> [PROBLEM TO WORK ON]: Across these entries, count the lines holding the string "part"; the number is the whole answer.

> [Data records]:
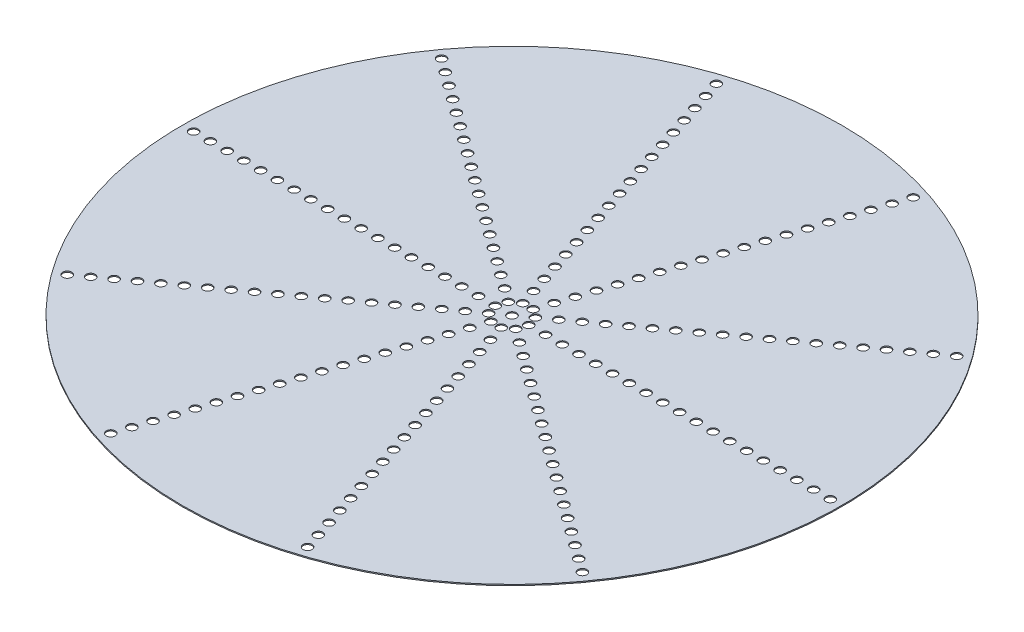
from build123d import *

# Parameters (mm, degrees)
CROQUIS1_R              = 29.5
SALIENTE_EXTRUIR1_DEPTH = 0.1
CROQUIS3_R              = 0.4
CORTAR_EXTRUIR3_DEPTH   = 42.719419938


with BuildPart() as part:
    # Croquis1 → Saliente-Extruir1 (new body)
    with BuildSketch(Plane(origin=(0, 0, 0), x_dir=(1, 0, 0), z_dir=(0, 1, 0))):
        with Locations(Location((0, 0, 0), (0, 0, 270))):
            Circle(CROQUIS1_R)
    extrude(amount=SALIENTE_EXTRUIR1_DEPTH)

    # Croquis3 → Cortar-Extruir3 (cut, through all)
    with BuildSketch(Plane(origin=(0, 0.1, 0), x_dir=(1, 0, 0), z_dir=(0, 1, 0))):
        with Locations(Location((0, 0, 0), (0, 0, 270))):
            Circle(CROQUIS3_R)
        with Locations(Location((1.5, 0, 0), (0, 0, 270))):
            Circle(CROQUIS3_R)
        with Locations(Location((3, 0, 0), (0, 0, 270))):
            Circle(CROQUIS3_R)
        with Locations(Location((4.5, 0, 0), (0, 0, 270))):
            Circle(CROQUIS3_R)
        with Locations(Location((6, 0, 0), (0, 0, 270))):
            Circle(CROQUIS3_R)
        with Locations(Location((7.5, 0, 0), (0, 0, 270))):
            Circle(CROQUIS3_R)
        with Locations(Location((9, 0, 0), (0, 0, 270))):
            Circle(CROQUIS3_R)
        with Locations(Location((10.5, 0, 0), (0, 0, 270))):
            Circle(CROQUIS3_R)
        with Locations(Location((12, 0, 0), (0, 0, 270))):
            Circle(CROQUIS3_R)
        with Locations(Location((13.5, 0, 0), (0, 0, 270))):
            Circle(CROQUIS3_R)
        with Locations(Location((15, 0, 0), (0, 0, 270))):
            Circle(CROQUIS3_R)
        with Locations(Location((16.5, 0, 0), (0, 0, 270))):
            Circle(CROQUIS3_R)
        with Locations(Location((18, 0, 0), (0, 0, 270))):
            Circle(CROQUIS3_R)
        with Locations(Location((19.5, 0, 0), (0, 0, 270))):
            Circle(CROQUIS3_R)
        with Locations(Location((21, 0, 0), (0, 0, 270))):
            Circle(CROQUIS3_R)
        with Locations(Location((22.5, 0, 0), (0, 0, 270))):
            Circle(CROQUIS3_R)
        with Locations(Location((24, 0, 0), (0, 0, 270))):
            Circle(CROQUIS3_R)
        with Locations(Location((25.5, 0, 0), (0, 0, 270))):
            Circle(CROQUIS3_R)
        with Locations(Location((27, 0, 0), (0, 0, 270))):
            Circle(CROQUIS3_R)
        with Locations(Location((28.5, 0, 0), (0, 0, 270))):
            Circle(CROQUIS3_R)
        with Locations(Location((14.562305899, -10.580134541, 0), (0, 0, 270))):
            Circle(CROQUIS3_R)
        with Locations(Location((13.348780407, -9.698456663, 0), (0, 0, 270))):
            Circle(CROQUIS3_R)
        with Locations(Location((12.135254916, -8.816778784, 0), (0, 0, 270))):
            Circle(CROQUIS3_R)
        with Locations(Location((10.921729424, -7.935100906, 0), (0, 0, 270))):
            Circle(CROQUIS3_R)
        with Locations(Location((9.708203932, -7.053423028, 0), (0, 0, 270))):
            Circle(CROQUIS3_R)
        with Locations(Location((8.494678441, -6.171745149, 0), (0, 0, 270))):
            Circle(CROQUIS3_R)
        with Locations(Location((7.281152949, -5.290067271, 0), (0, 0, 270))):
            Circle(CROQUIS3_R)
        with Locations(Location((6.067627458, -4.408389392, 0), (0, 0, 270))):
            Circle(CROQUIS3_R)
        with Locations(Location((4.854101966, -3.526711514, 0), (0, 0, 270))):
            Circle(CROQUIS3_R)
        with Locations(Location((2.427050983, -1.763355757, 0), (0, 0, 270))):
            Circle(CROQUIS3_R)
        with Locations(Location((1.213525492, -0.881677878, 0), (0, 0, 270))):
            Circle(CROQUIS3_R)
        with Locations(Location((3.640576475, -2.645033635, 0), (0, 0, 270))):
            Circle(CROQUIS3_R)
        with Locations(Location((15.77583139, -11.46181242, 0), (0, 0, 270))):
            Circle(CROQUIS3_R)
        with Locations(Location((16.989356882, -12.343490298, 0), (0, 0, 270))):
            Circle(CROQUIS3_R)
        with Locations(Location((18.202882373, -13.225168177, 0), (0, 0, 270))):
            Circle(CROQUIS3_R)
        with Locations(Location((19.416407865, -14.106846055, 0), (0, 0, 270))):
            Circle(CROQUIS3_R)
        with Locations(Location((20.629933357, -14.988523933, 0), (0, 0, 270))):
            Circle(CROQUIS3_R)
        with Locations(Location((21.843458848, -15.870201812, 0), (0, 0, 270))):
            Circle(CROQUIS3_R)
        with Locations(Location((23.05698434, -16.75187969, 0), (0, 0, 270))):
            Circle(CROQUIS3_R)
        with Locations(Location((5.562305899, -17.119017293, 0), (0, 0, 270))):
            Circle(CROQUIS3_R)
        with Locations(Location((5.098780407, -15.692432519, 0), (0, 0, 270))):
            Circle(CROQUIS3_R)
        with Locations(Location((4.635254916, -14.265847744, 0), (0, 0, 270))):
            Circle(CROQUIS3_R)
        with Locations(Location((4.171729424, -12.83926297, 0), (0, 0, 270))):
            Circle(CROQUIS3_R)
        with Locations(Location((3.708203932, -11.412678196, 0), (0, 0, 270))):
            Circle(CROQUIS3_R)
        with Locations(Location((3.244678441, -9.986093421, 0), (0, 0, 270))):
            Circle(CROQUIS3_R)
        with Locations(Location((2.781152949, -8.559508647, 0), (0, 0, 270))):
            Circle(CROQUIS3_R)
        with Locations(Location((2.317627458, -7.132923872, 0), (0, 0, 270))):
            Circle(CROQUIS3_R)
        with Locations(Location((1.854101966, -5.706339098, 0), (0, 0, 270))):
            Circle(CROQUIS3_R)
        with Locations(Location((0.927050983, -2.853169549, 0), (0, 0, 270))):
            Circle(CROQUIS3_R)
        with Locations(Location((0.463525492, -1.426584774, 0), (0, 0, 270))):
            Circle(CROQUIS3_R)
        with Locations(Location((1.390576475, -4.279754323, 0), (0, 0, 270))):
            Circle(CROQUIS3_R)
        with Locations(Location((6.02583139, -18.545602068, 0), (0, 0, 270))):
            Circle(CROQUIS3_R)
        with Locations(Location((6.489356882, -19.972186842, 0), (0, 0, 270))):
            Circle(CROQUIS3_R)
        with Locations(Location((6.952882373, -21.398771617, 0), (0, 0, 270))):
            Circle(CROQUIS3_R)
        with Locations(Location((7.416407865, -22.825356391, 0), (0, 0, 270))):
            Circle(CROQUIS3_R)
        with Locations(Location((7.879933357, -24.251941166, 0), (0, 0, 270))):
            Circle(CROQUIS3_R)
        with Locations(Location((8.343458848, -25.67852594, 0), (0, 0, 270))):
            Circle(CROQUIS3_R)
        with Locations(Location((8.80698434, -27.105110714, 0), (0, 0, 270))):
            Circle(CROQUIS3_R)
        with Locations(Location((-5.562305899, -17.119017293, 0), (0, 0, 270))):
            Circle(CROQUIS3_R)
        with Locations(Location((-5.098780407, -15.692432519, 0), (0, 0, 270))):
            Circle(CROQUIS3_R)
        with Locations(Location((-4.635254916, -14.265847744, 0), (0, 0, 270))):
            Circle(CROQUIS3_R)
        with Locations(Location((-4.171729424, -12.83926297, 0), (0, 0, 270))):
            Circle(CROQUIS3_R)
        with Locations(Location((-3.708203932, -11.412678196, 0), (0, 0, 270))):
            Circle(CROQUIS3_R)
        with Locations(Location((-3.244678441, -9.986093421, 0), (0, 0, 270))):
            Circle(CROQUIS3_R)
        with Locations(Location((-2.781152949, -8.559508647, 0), (0, 0, 270))):
            Circle(CROQUIS3_R)
        with Locations(Location((-2.317627458, -7.132923872, 0), (0, 0, 270))):
            Circle(CROQUIS3_R)
        with Locations(Location((-1.854101966, -5.706339098, 0), (0, 0, 270))):
            Circle(CROQUIS3_R)
        with Locations(Location((-0.927050983, -2.853169549, 0), (0, 0, 270))):
            Circle(CROQUIS3_R)
        with Locations(Location((-0.463525492, -1.426584774, 0), (0, 0, 270))):
            Circle(CROQUIS3_R)
        with Locations(Location((-1.390576475, -4.279754323, 0), (0, 0, 270))):
            Circle(CROQUIS3_R)
        with Locations(Location((-6.02583139, -18.545602068, 0), (0, 0, 270))):
            Circle(CROQUIS3_R)
        with Locations(Location((-6.489356882, -19.972186842, 0), (0, 0, 270))):
            Circle(CROQUIS3_R)
        with Locations(Location((-6.952882373, -21.398771617, 0), (0, 0, 270))):
            Circle(CROQUIS3_R)
        with Locations(Location((-7.416407865, -22.825356391, 0), (0, 0, 270))):
            Circle(CROQUIS3_R)
        with Locations(Location((-7.879933357, -24.251941166, 0), (0, 0, 270))):
            Circle(CROQUIS3_R)
        with Locations(Location((-8.343458848, -25.67852594, 0), (0, 0, 270))):
            Circle(CROQUIS3_R)
        with Locations(Location((-8.80698434, -27.105110714, 0), (0, 0, 270))):
            Circle(CROQUIS3_R)
        with Locations(Location((-14.562305899, -10.580134541, 0), (0, 0, 270))):
            Circle(CROQUIS3_R)
        with Locations(Location((-13.348780407, -9.698456663, 0), (0, 0, 270))):
            Circle(CROQUIS3_R)
        with Locations(Location((-12.135254916, -8.816778784, 0), (0, 0, 270))):
            Circle(CROQUIS3_R)
        with Locations(Location((-10.921729424, -7.935100906, 0), (0, 0, 270))):
            Circle(CROQUIS3_R)
        with Locations(Location((-9.708203932, -7.053423028, 0), (0, 0, 270))):
            Circle(CROQUIS3_R)
        with Locations(Location((-8.494678441, -6.171745149, 0), (0, 0, 270))):
            Circle(CROQUIS3_R)
        with Locations(Location((-7.281152949, -5.290067271, 0), (0, 0, 270))):
            Circle(CROQUIS3_R)
        with Locations(Location((-6.067627458, -4.408389392, 0), (0, 0, 270))):
            Circle(CROQUIS3_R)
        with Locations(Location((-4.854101966, -3.526711514, 0), (0, 0, 270))):
            Circle(CROQUIS3_R)
        with Locations(Location((-2.427050983, -1.763355757, 0), (0, 0, 270))):
            Circle(CROQUIS3_R)
        with Locations(Location((-1.213525492, -0.881677878, 0), (0, 0, 270))):
            Circle(CROQUIS3_R)
        with Locations(Location((-3.640576475, -2.645033635, 0), (0, 0, 270))):
            Circle(CROQUIS3_R)
        with Locations(Location((-15.77583139, -11.46181242, 0), (0, 0, 270))):
            Circle(CROQUIS3_R)
        with Locations(Location((-16.989356882, -12.343490298, 0), (0, 0, 270))):
            Circle(CROQUIS3_R)
        with Locations(Location((-18.202882373, -13.225168177, 0), (0, 0, 270))):
            Circle(CROQUIS3_R)
        with Locations(Location((-19.416407865, -14.106846055, 0), (0, 0, 270))):
            Circle(CROQUIS3_R)
        with Locations(Location((-20.629933357, -14.988523933, 0), (0, 0, 270))):
            Circle(CROQUIS3_R)
        with Locations(Location((-21.843458848, -15.870201812, 0), (0, 0, 270))):
            Circle(CROQUIS3_R)
        with Locations(Location((-23.05698434, -16.75187969, 0), (0, 0, 270))):
            Circle(CROQUIS3_R)
        with Locations(Location((-18, 0, 0), (0, 0, 270))):
            Circle(CROQUIS3_R)
        with Locations(Location((-16.5, 0, 0), (0, 0, 270))):
            Circle(CROQUIS3_R)
        with Locations(Location((-15, 0, 0), (0, 0, 270))):
            Circle(CROQUIS3_R)
        with Locations(Location((-13.5, 0, 0), (0, 0, 270))):
            Circle(CROQUIS3_R)
        with Locations(Location((-12, 0, 0), (0, 0, 270))):
            Circle(CROQUIS3_R)
        with Locations(Location((-10.5, 0, 0), (0, 0, 270))):
            Circle(CROQUIS3_R)
        with Locations(Location((-9, 0, 0), (0, 0, 270))):
            Circle(CROQUIS3_R)
        with Locations(Location((-7.5, 0, 0), (0, 0, 270))):
            Circle(CROQUIS3_R)
        with Locations(Location((-6, 0, 0), (0, 0, 270))):
            Circle(CROQUIS3_R)
        with Locations(Location((-3, 0, 0), (0, 0, 270))):
            Circle(CROQUIS3_R)
        with Locations(Location((-1.5, 0, 0), (0, 0, 270))):
            Circle(CROQUIS3_R)
        with Locations(Location((-4.5, 0, 0), (0, 0, 270))):
            Circle(CROQUIS3_R)
        with Locations(Location((-19.5, 0, 0), (0, 0, 270))):
            Circle(CROQUIS3_R)
        with Locations(Location((-21, 0, 0), (0, 0, 270))):
            Circle(CROQUIS3_R)
        with Locations(Location((-22.5, 0, 0), (0, 0, 270))):
            Circle(CROQUIS3_R)
        with Locations(Location((-24, 0, 0), (0, 0, 270))):
            Circle(CROQUIS3_R)
        with Locations(Location((-25.5, 0, 0), (0, 0, 270))):
            Circle(CROQUIS3_R)
        with Locations(Location((-27, 0, 0), (0, 0, 270))):
            Circle(CROQUIS3_R)
        with Locations(Location((-28.5, 0, 0), (0, 0, 270))):
            Circle(CROQUIS3_R)
        with Locations(Location((-14.562305899, 10.580134541, 0), (0, 0, 270))):
            Circle(CROQUIS3_R)
        with Locations(Location((-13.348780407, 9.698456663, 0), (0, 0, 270))):
            Circle(CROQUIS3_R)
        with Locations(Location((-12.135254916, 8.816778784, 0), (0, 0, 270))):
            Circle(CROQUIS3_R)
        with Locations(Location((-10.921729424, 7.935100906, 0), (0, 0, 270))):
            Circle(CROQUIS3_R)
        with Locations(Location((-9.708203932, 7.053423028, 0), (0, 0, 270))):
            Circle(CROQUIS3_R)
        with Locations(Location((-8.494678441, 6.171745149, 0), (0, 0, 270))):
            Circle(CROQUIS3_R)
        with Locations(Location((-7.281152949, 5.290067271, 0), (0, 0, 270))):
            Circle(CROQUIS3_R)
        with Locations(Location((-6.067627458, 4.408389392, 0), (0, 0, 270))):
            Circle(CROQUIS3_R)
        with Locations(Location((-4.854101966, 3.526711514, 0), (0, 0, 270))):
            Circle(CROQUIS3_R)
        with Locations(Location((-2.427050983, 1.763355757, 0), (0, 0, 270))):
            Circle(CROQUIS3_R)
        with Locations(Location((-1.213525492, 0.881677878, 0), (0, 0, 270))):
            Circle(CROQUIS3_R)
        with Locations(Location((-3.640576475, 2.645033635, 0), (0, 0, 270))):
            Circle(CROQUIS3_R)
        with Locations(Location((-15.77583139, 11.46181242, 0), (0, 0, 270))):
            Circle(CROQUIS3_R)
        with Locations(Location((-16.989356882, 12.343490298, 0), (0, 0, 270))):
            Circle(CROQUIS3_R)
        with Locations(Location((-18.202882373, 13.225168177, 0), (0, 0, 270))):
            Circle(CROQUIS3_R)
        with Locations(Location((-19.416407865, 14.106846055, 0), (0, 0, 270))):
            Circle(CROQUIS3_R)
        with Locations(Location((-20.629933357, 14.988523933, 0), (0, 0, 270))):
            Circle(CROQUIS3_R)
        with Locations(Location((-21.843458848, 15.870201812, 0), (0, 0, 270))):
            Circle(CROQUIS3_R)
        with Locations(Location((-23.05698434, 16.75187969, 0), (0, 0, 270))):
            Circle(CROQUIS3_R)
        with Locations(Location((-5.562305899, 17.119017293, 0), (0, 0, 270))):
            Circle(CROQUIS3_R)
        with Locations(Location((-5.098780407, 15.692432519, 0), (0, 0, 270))):
            Circle(CROQUIS3_R)
        with Locations(Location((-4.635254916, 14.265847744, 0), (0, 0, 270))):
            Circle(CROQUIS3_R)
        with Locations(Location((-4.171729424, 12.83926297, 0), (0, 0, 270))):
            Circle(CROQUIS3_R)
        with Locations(Location((-3.708203932, 11.412678196, 0), (0, 0, 270))):
            Circle(CROQUIS3_R)
        with Locations(Location((-3.244678441, 9.986093421, 0), (0, 0, 270))):
            Circle(CROQUIS3_R)
        with Locations(Location((-2.781152949, 8.559508647, 0), (0, 0, 270))):
            Circle(CROQUIS3_R)
        with Locations(Location((-2.317627458, 7.132923872, 0), (0, 0, 270))):
            Circle(CROQUIS3_R)
        with Locations(Location((-1.854101966, 5.706339098, 0), (0, 0, 270))):
            Circle(CROQUIS3_R)
        with Locations(Location((-0.927050983, 2.853169549, 0), (0, 0, 270))):
            Circle(CROQUIS3_R)
        with Locations(Location((-0.463525492, 1.426584774, 0), (0, 0, 270))):
            Circle(CROQUIS3_R)
        with Locations(Location((-1.390576475, 4.279754323, 0), (0, 0, 270))):
            Circle(CROQUIS3_R)
        with Locations(Location((-6.02583139, 18.545602068, 0), (0, 0, 270))):
            Circle(CROQUIS3_R)
        with Locations(Location((-6.489356882, 19.972186842, 0), (0, 0, 270))):
            Circle(CROQUIS3_R)
        with Locations(Location((-6.952882373, 21.398771617, 0), (0, 0, 270))):
            Circle(CROQUIS3_R)
        with Locations(Location((-7.416407865, 22.825356391, 0), (0, 0, 270))):
            Circle(CROQUIS3_R)
        with Locations(Location((-7.879933357, 24.251941166, 0), (0, 0, 270))):
            Circle(CROQUIS3_R)
        with Locations(Location((-8.343458848, 25.67852594, 0), (0, 0, 270))):
            Circle(CROQUIS3_R)
        with Locations(Location((-8.80698434, 27.105110714, 0), (0, 0, 270))):
            Circle(CROQUIS3_R)
        with Locations(Location((5.562305899, 17.119017293, 0), (0, 0, 270))):
            Circle(CROQUIS3_R)
        with Locations(Location((5.098780407, 15.692432519, 0), (0, 0, 270))):
            Circle(CROQUIS3_R)
        with Locations(Location((4.635254916, 14.265847744, 0), (0, 0, 270))):
            Circle(CROQUIS3_R)
        with Locations(Location((4.171729424, 12.83926297, 0), (0, 0, 270))):
            Circle(CROQUIS3_R)
        with Locations(Location((3.708203932, 11.412678196, 0), (0, 0, 270))):
            Circle(CROQUIS3_R)
        with Locations(Location((3.244678441, 9.986093421, 0), (0, 0, 270))):
            Circle(CROQUIS3_R)
        with Locations(Location((2.781152949, 8.559508647, 0), (0, 0, 270))):
            Circle(CROQUIS3_R)
        with Locations(Location((2.317627458, 7.132923872, 0), (0, 0, 270))):
            Circle(CROQUIS3_R)
        with Locations(Location((1.854101966, 5.706339098, 0), (0, 0, 270))):
            Circle(CROQUIS3_R)
        with Locations(Location((0.927050983, 2.853169549, 0), (0, 0, 270))):
            Circle(CROQUIS3_R)
        with Locations(Location((0.463525492, 1.426584774, 0), (0, 0, 270))):
            Circle(CROQUIS3_R)
        with Locations(Location((1.390576475, 4.279754323, 0), (0, 0, 270))):
            Circle(CROQUIS3_R)
        with Locations(Location((6.02583139, 18.545602068, 0), (0, 0, 270))):
            Circle(CROQUIS3_R)
        with Locations(Location((6.489356882, 19.972186842, 0), (0, 0, 270))):
            Circle(CROQUIS3_R)
        with Locations(Location((6.952882373, 21.398771617, 0), (0, 0, 270))):
            Circle(CROQUIS3_R)
        with Locations(Location((7.416407865, 22.825356391, 0), (0, 0, 270))):
            Circle(CROQUIS3_R)
        with Locations(Location((7.879933357, 24.251941166, 0), (0, 0, 270))):
            Circle(CROQUIS3_R)
        with Locations(Location((8.343458848, 25.67852594, 0), (0, 0, 270))):
            Circle(CROQUIS3_R)
        with Locations(Location((8.80698434, 27.105110714, 0), (0, 0, 270))):
            Circle(CROQUIS3_R)
        with Locations(Location((14.562305899, 10.580134541, 0), (0, 0, 270))):
            Circle(CROQUIS3_R)
        with Locations(Location((13.348780407, 9.698456663, 0), (0, 0, 270))):
            Circle(CROQUIS3_R)
        with Locations(Location((12.135254916, 8.816778784, 0), (0, 0, 270))):
            Circle(CROQUIS3_R)
        with Locations(Location((10.921729424, 7.935100906, 0), (0, 0, 270))):
            Circle(CROQUIS3_R)
        with Locations(Location((9.708203932, 7.053423028, 0), (0, 0, 270))):
            Circle(CROQUIS3_R)
        with Locations(Location((8.494678441, 6.171745149, 0), (0, 0, 270))):
            Circle(CROQUIS3_R)
        with Locations(Location((7.281152949, 5.290067271, 0), (0, 0, 270))):
            Circle(CROQUIS3_R)
        with Locations(Location((6.067627458, 4.408389392, 0), (0, 0, 270))):
            Circle(CROQUIS3_R)
        with Locations(Location((4.854101966, 3.526711514, 0), (0, 0, 270))):
            Circle(CROQUIS3_R)
        with Locations(Location((2.427050983, 1.763355757, 0), (0, 0, 270))):
            Circle(CROQUIS3_R)
        with Locations(Location((1.213525492, 0.881677878, 0), (0, 0, 270))):
            Circle(CROQUIS3_R)
        with Locations(Location((3.640576475, 2.645033635, 0), (0, 0, 270))):
            Circle(CROQUIS3_R)
        with Locations(Location((15.77583139, 11.46181242, 0), (0, 0, 270))):
            Circle(CROQUIS3_R)
        with Locations(Location((16.989356882, 12.343490298, 0), (0, 0, 270))):
            Circle(CROQUIS3_R)
        with Locations(Location((18.202882373, 13.225168177, 0), (0, 0, 270))):
            Circle(CROQUIS3_R)
        with Locations(Location((19.416407865, 14.106846055, 0), (0, 0, 270))):
            Circle(CROQUIS3_R)
        with Locations(Location((20.629933357, 14.988523933, 0), (0, 0, 270))):
            Circle(CROQUIS3_R)
        with Locations(Location((21.843458848, 15.870201812, 0), (0, 0, 270))):
            Circle(CROQUIS3_R)
        with Locations(Location((23.05698434, 16.75187969, 0), (0, 0, 270))):
            Circle(CROQUIS3_R)
    extrude(amount=-CORTAR_EXTRUIR3_DEPTH, mode=Mode.SUBTRACT)


solid = part.part

> [RESPONSE TO THE TASK]: 2